Sensing Injustice: A Lawyer’s Life in the Battle for Change

By the time he was 26, Michael Tigar was a legend in legal circles well before he would take on some of the highest-profile cases of his generation. In his first U.S. Supreme Court case—at the age of 28—Tigar won a unanimous victory that freed thousands of Vietnam War resisters from prison. Tigar also led the legal team that secured a judgment against the Pinochet regime for the 1976 murders of Pinochet opponent Orlando Letelier and his colleague Ronni Moffitt in a Washington, DC car bombing. He then worked with the lawyers who prosecuted Pinochet for torture and genocide.

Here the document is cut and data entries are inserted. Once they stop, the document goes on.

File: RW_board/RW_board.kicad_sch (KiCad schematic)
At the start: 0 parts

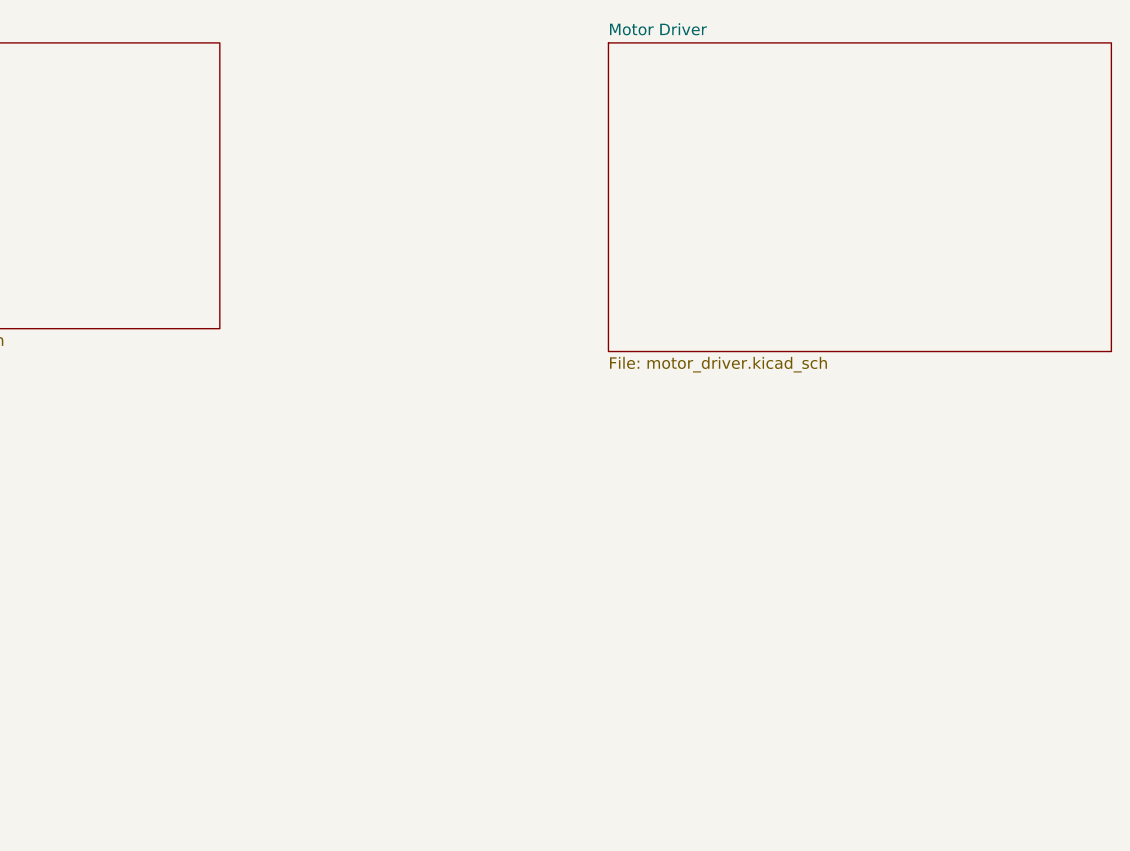
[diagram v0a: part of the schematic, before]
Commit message: Started working on motor driver schematic, added libraries, added motor cad
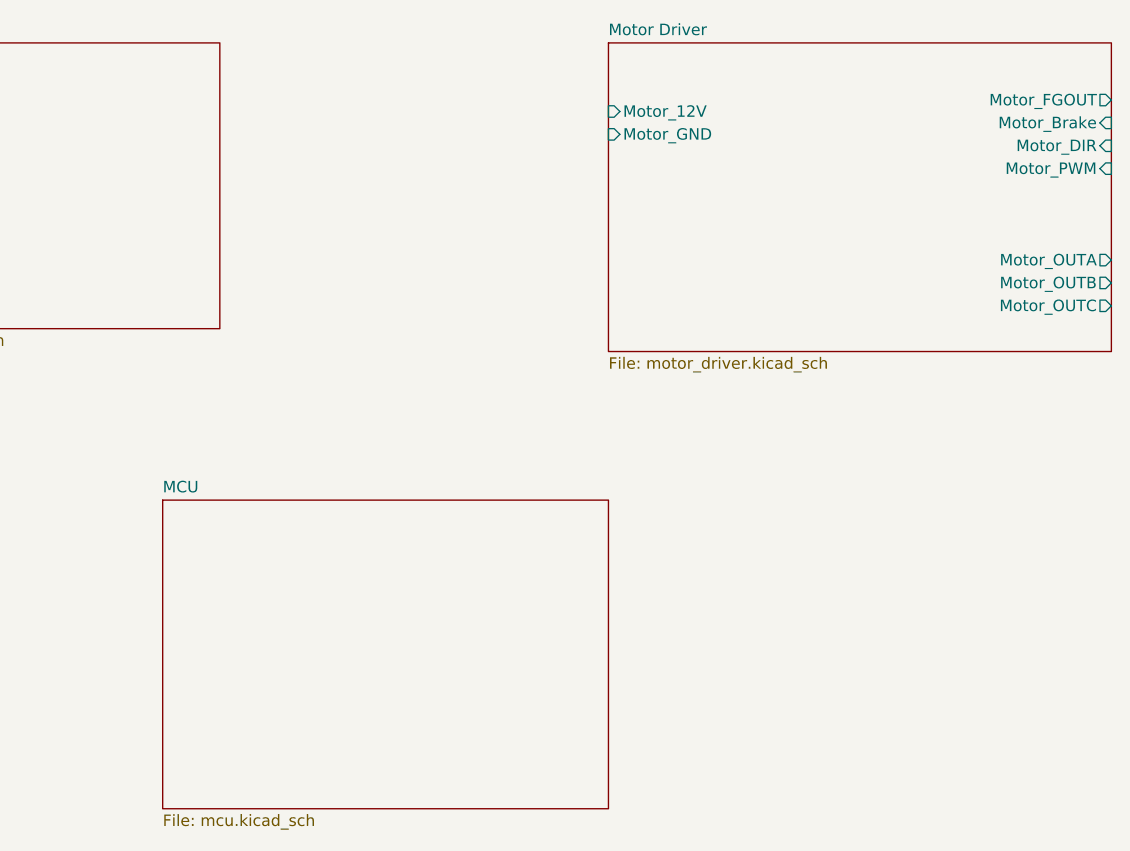
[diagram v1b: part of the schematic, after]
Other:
- added sheet MCU (mcu.kicad_sch)
- sheet Motor Driver ports: added Motor_12V, Motor_Brake, Motor_DIR, Motor_FGOUT, Motor_GND, Motor_OUTA, Motor_OUTB, Motor_OUTC, Motor_PWM; removed none
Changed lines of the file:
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@@
+			)
+		)
+		(pin "Motor_12V" input
+			(at 146.05 58.42 180)
+			(effects
+				(font
+					(size 1.27 1.27)
+				)
+				(justify left)
+			)
+		)
+		(pin "Motor_GND" input
+			(at 146.05 60.96 180)
+			(effects
+				(font
+					(size 1.27 1.27)
+				)
+				(justify left)
+			)
+		)
+		(pin "Motor_FGOUT" output
+			(at 201.93 57.15 0)
+			(effects
+				(font
+					(size 1.27 1.27)
+				)
+				(justify right)
+			)
+		)
+		(pin "Motor_Brake" input
+			(at 201.93 59.69 0)
+			(effects
+				(font
+					(size 1.27 1.27)
+				)
+				(justify right)
+			)
+		)
+		(pin "Motor_DIR" input
+			(at 201.93 62.23 0)
+			(effects
+				(font
+					(size 1.27 1.27)
+				)
+				(justify right)
+			)
+		)
+		(pin "Motor_PWM" input
+			(at 201.93 64.77 0)
+			(effects
+				(font
+					(size 1.27 1.27)
+				)
+				(justify right)
+			)
+		)
+		(pin "Motor_OUTB" output
+			(at 201.93 77.47 0)
+			(effects
+				(font
+					(size 1.27 1.27)
+				)
+				(justify right)
+			)
+		)
+		(pin "Motor_OUTC" output
+			(at 201.93 80.01 0)
+			(effects
+				(font
+					(size 1.27 1.27)
+				)
+				(justify right)
+			)
+		)
+		(pin "Motor_OUTA" output
+			(at 201.93 74.93 0)
+			(effects
+				(font
+					(size 1.27 1.27)
+				)
+				(justify right)
 			)
 		)
@@
 				)
 			)
+		)
+	)
+	(sheet
+		(at 96.52 101.6)
+		(size 49.53 34.29)
+		(fields_autoplaced yes)
+		(stroke
+			(width 0.1524)
+			(type solid)
+		)
+		(fill
+			(color 0 0 0 0.0000)
+		)
+		(property "Sheetname" "MCU"
+			(at 96.52 100.8884 0)
+			(effects
+				(font
+					(size 1.27 1.27)
+				)
+				(justify left bottom)
+			)
+		)
+		(property "Sheetfile" "mcu.kicad_sch"
+			(at 96.52 136.4746 0)
+			(effects
+				(font
+					(size 1.27 1.27)
+				)
+				(justify left top)
+			)
+		)
+		(instances
+			(project "RW_board"
+				(path "/ff273890-9ca6-499d-9c73-a93557b69e48"
+					(page "4")
+				)
+			)

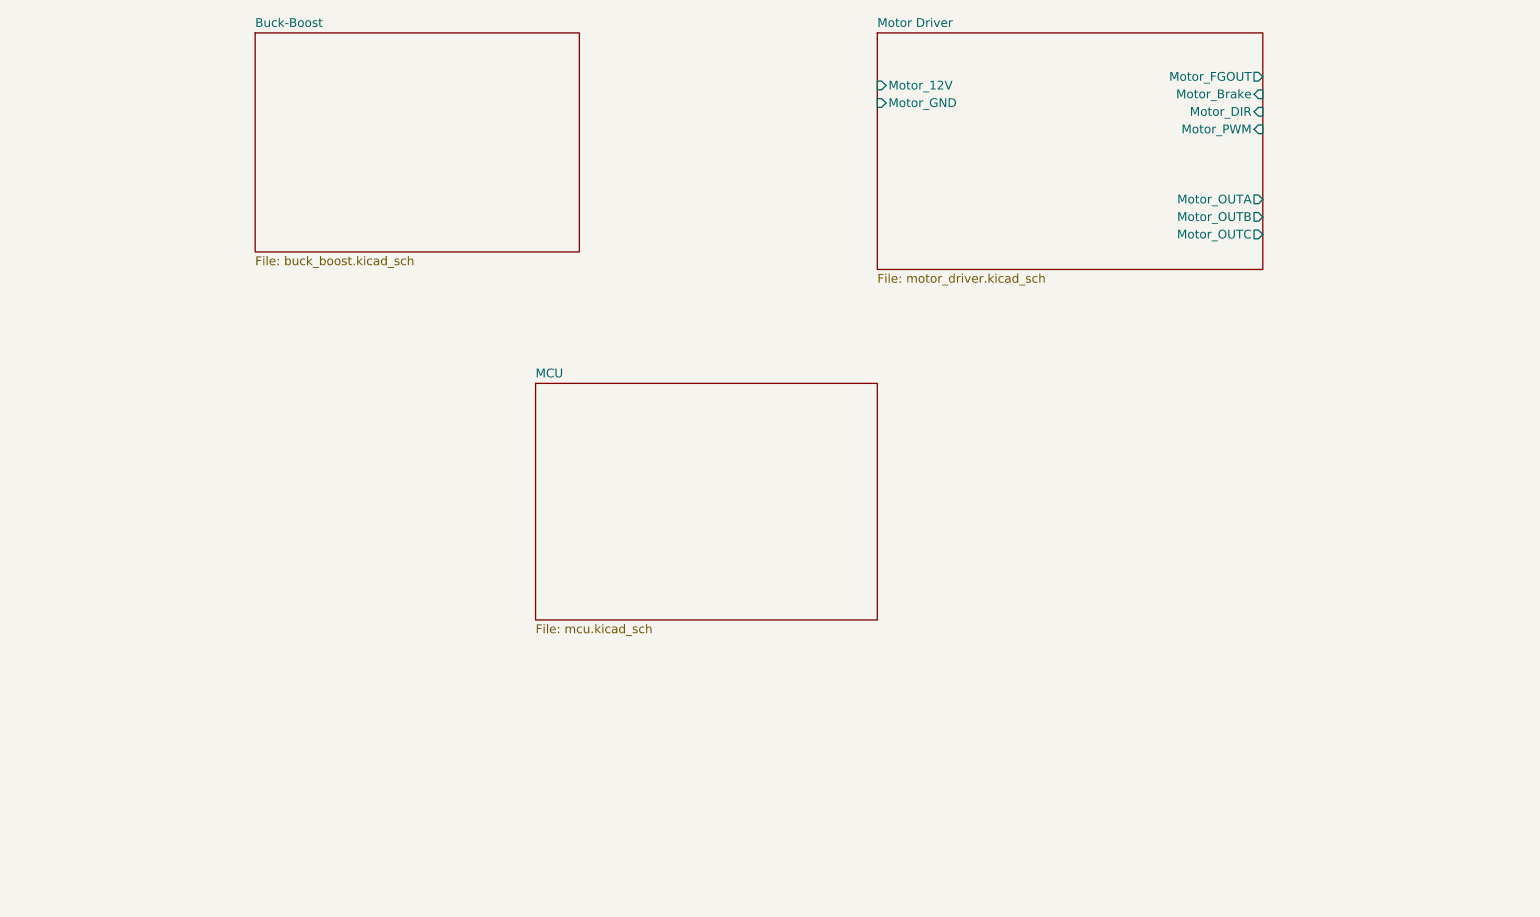
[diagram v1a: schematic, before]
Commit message: Added motor symbol/footprint, worked more on schematic
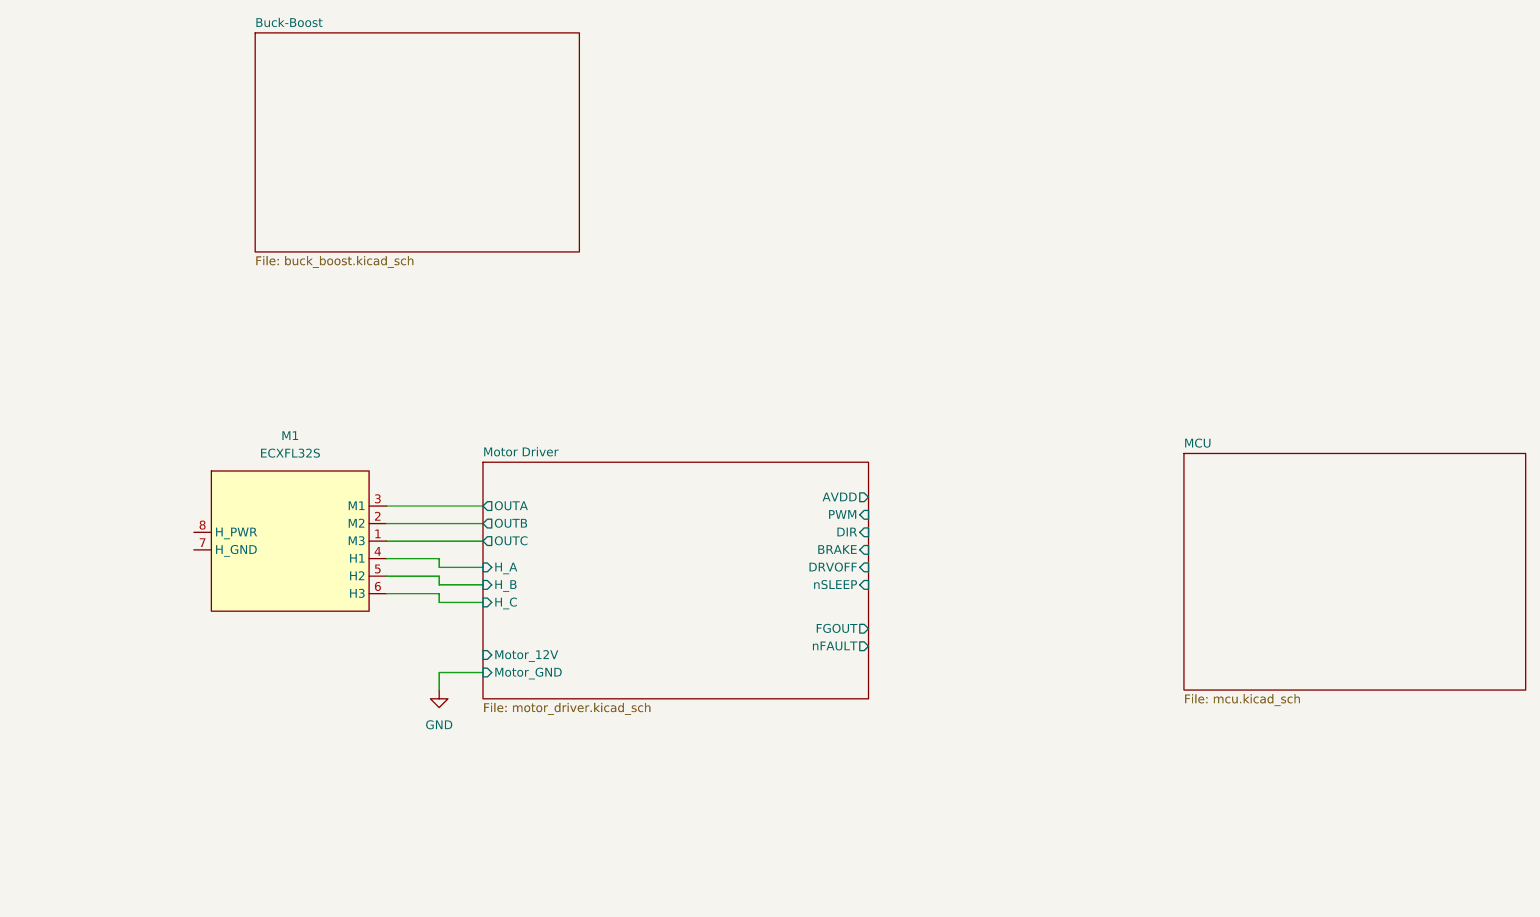
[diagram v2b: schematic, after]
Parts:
- added M1: ECXFL32S, ECXFL32S:ECXFL32S, symbol ECXFL32S:ECXFL32S
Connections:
- new net Motor Driver/H_A: M1.4 (H1)
- new net Motor Driver/H_B: M1.5 (H2)
- new net Motor Driver/H_C: M1.6 (H3)
- new net Motor Driver/OUTA: M1.3 (M1)
- new net Motor Driver/OUTB: M1.2 (M2)
- new net Motor Driver/OUTC: M1.1 (M3)
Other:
- sheet Motor Driver ports: added AVDD, BRAKE, DIR, DRVOFF, FGOUT, H_A, H_B, H_C, OUTA, OUTB, OUTC, PWM, nFAULT, nSLEEP; removed Motor_Brake, Motor_DIR, Motor_FGOUT, Motor_OUTA, Motor_OUTB, Motor_OUTC, Motor_PWM

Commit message: Completed MCU schematic, connected with driver schematic
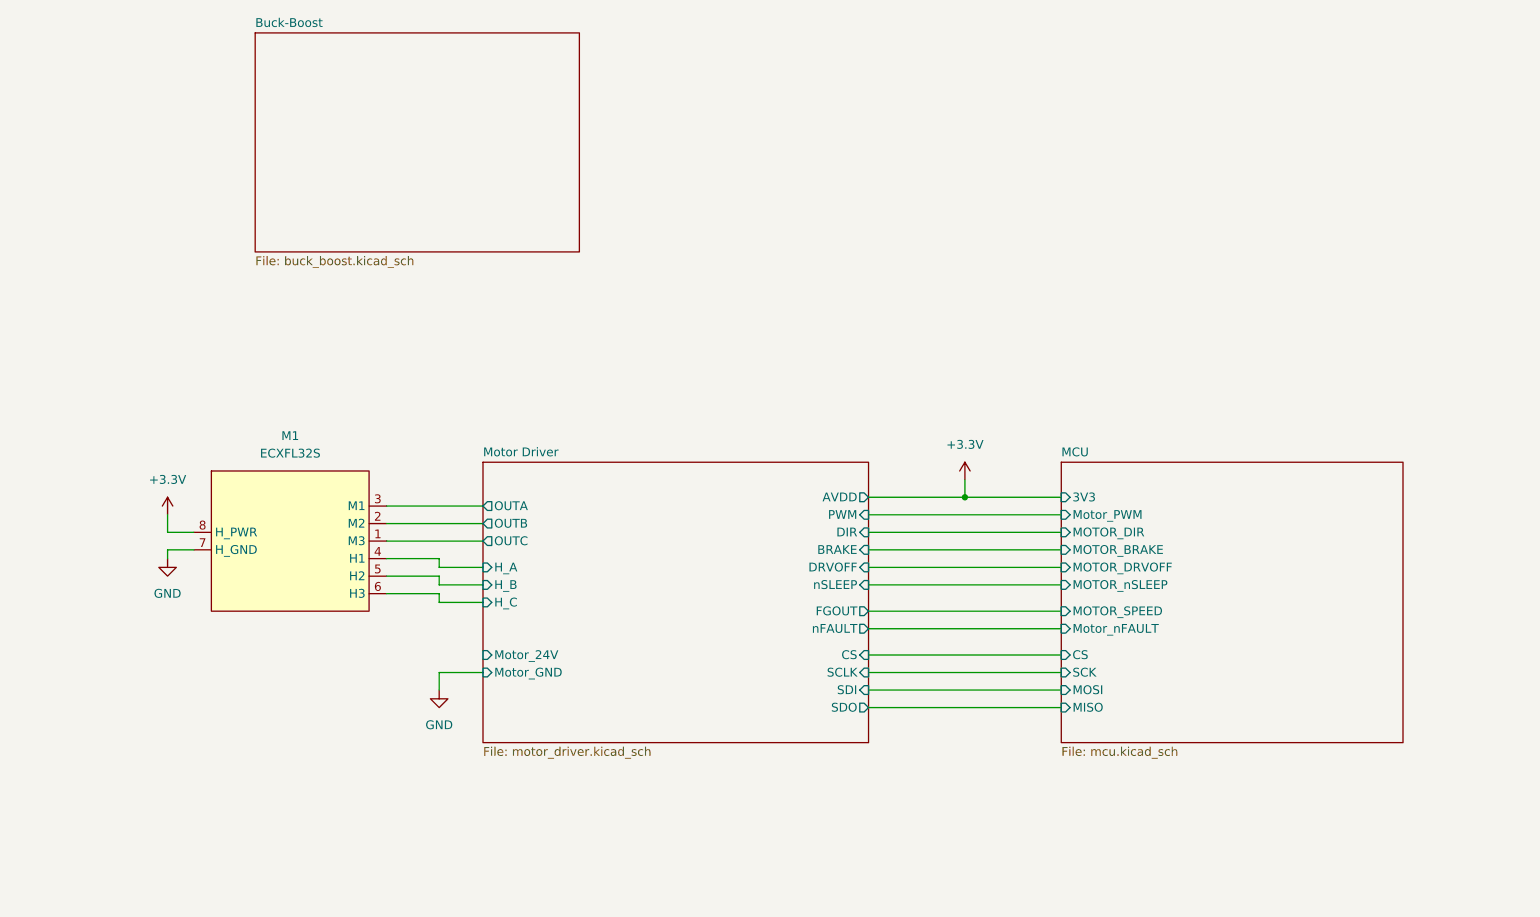
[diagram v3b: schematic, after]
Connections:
- net GND: now also M1.7 (H_GND)
- net +3.3V: now reaches M1.8 (H_PWR)
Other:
- sheet MCU ports: added 3V3, CS, MISO, MOSI, MOTOR_BRAKE, MOTOR_DIR, MOTOR_DRVOFF, MOTOR_SPEED, MOTOR_nSLEEP, Motor_PWM, Motor_nFAULT, SCK; removed none
- sheet Motor Driver ports: added CS, Motor_24V, SCLK, SDI, SDO; removed Motor_12V

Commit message: Switched motor, added connectors, finished up design
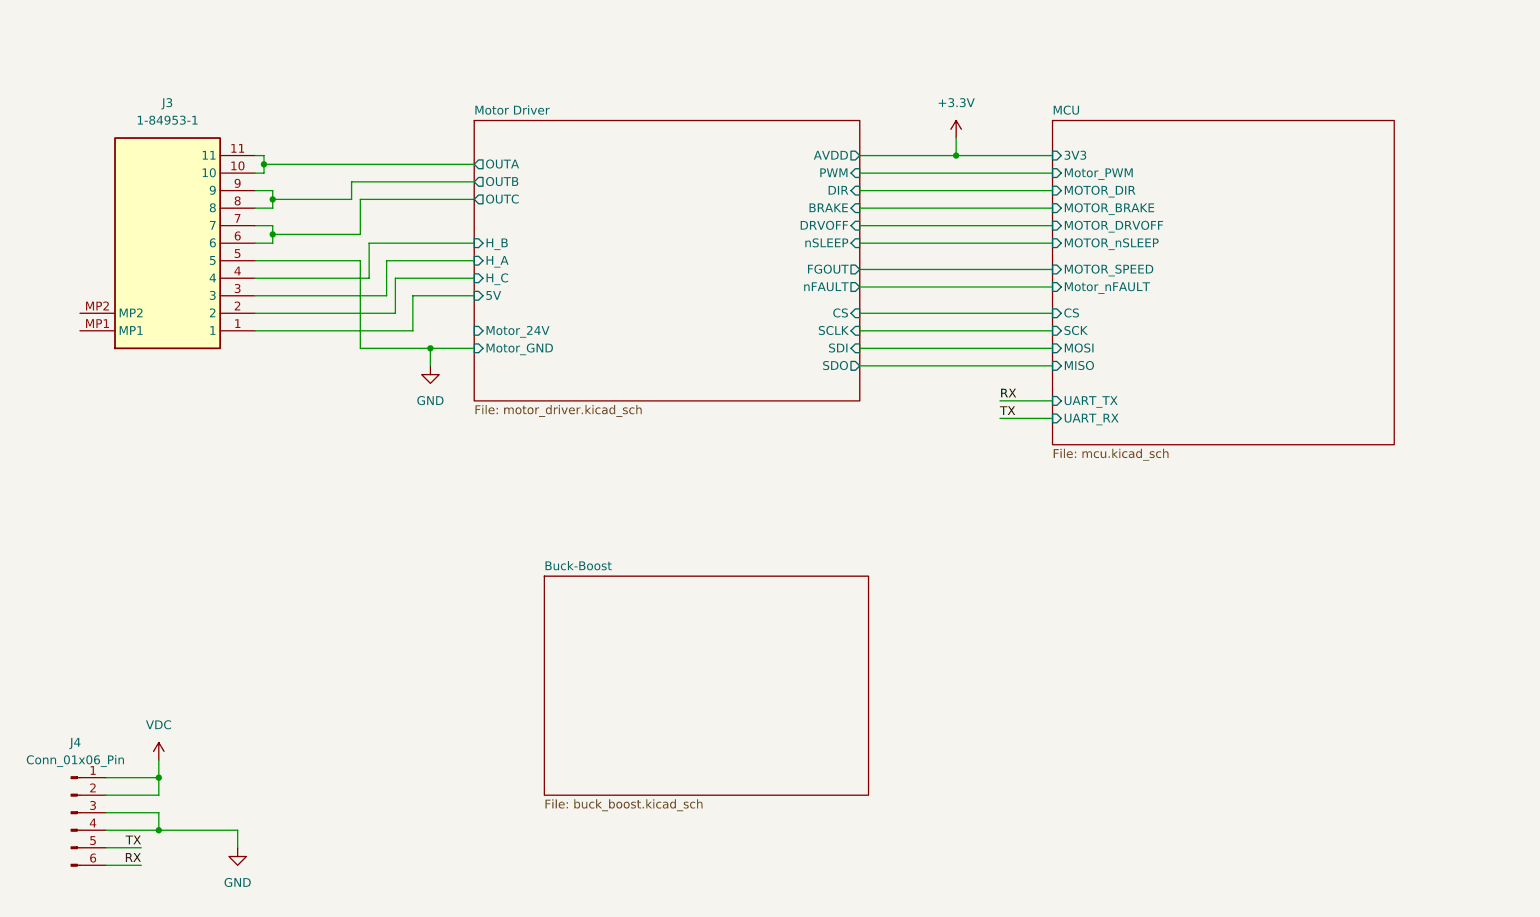
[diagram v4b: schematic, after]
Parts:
- removed M1: ECXFL32S, ECXFL32S:ECXFL32S, symbol ECXFL32S:ECXFL32S
- added J3: 1-84953-1, 1849531, symbol RW_Imports:1-84953-1
- added J4: Conn_01x06_Pin, symbol Connector:Conn_01x06_Pin
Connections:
- net GND: now also J3.5, J4.3 (Pin_3), J4.4 (Pin_4)
- net Motor Driver/H_A: now also J3.3
- net Motor Driver/H_B: now also J3.4
- net Motor Driver/H_C: now also J3.2
- net Motor Driver/OUTA: now also J3.10, J3.11
- net Motor Driver/OUTB: now also J3.8, J3.9
- net Motor Driver/OUTC: now also J3.6, J3.7
- new net Motor Driver/5V: J3.1
- new net RX: J4.6 (Pin_6)
- new net TX: J4.5 (Pin_5)
- new net VDC: J4.1 (Pin_1), J4.2 (Pin_2)
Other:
- sheet MCU ports: added UART_RX, UART_TX; removed none
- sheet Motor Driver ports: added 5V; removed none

A relentless fighter of injustice—not only as a human rights lawyer, but also as a teacher, scholar, journalist, playwright, and comrade—Tigar has been counsel to Angela Davis, Jamil Abdullah Al-Amin (H. Rap Brown), the Chicago Eight, and leaders of the Black Panther Party, to name only a few.

A Lawyer’s Life in the Battle for Change is a vibrant literary and legal feat. In it, Tigar weaves powerful legal analysis and wry observation through the story of his remarkable life.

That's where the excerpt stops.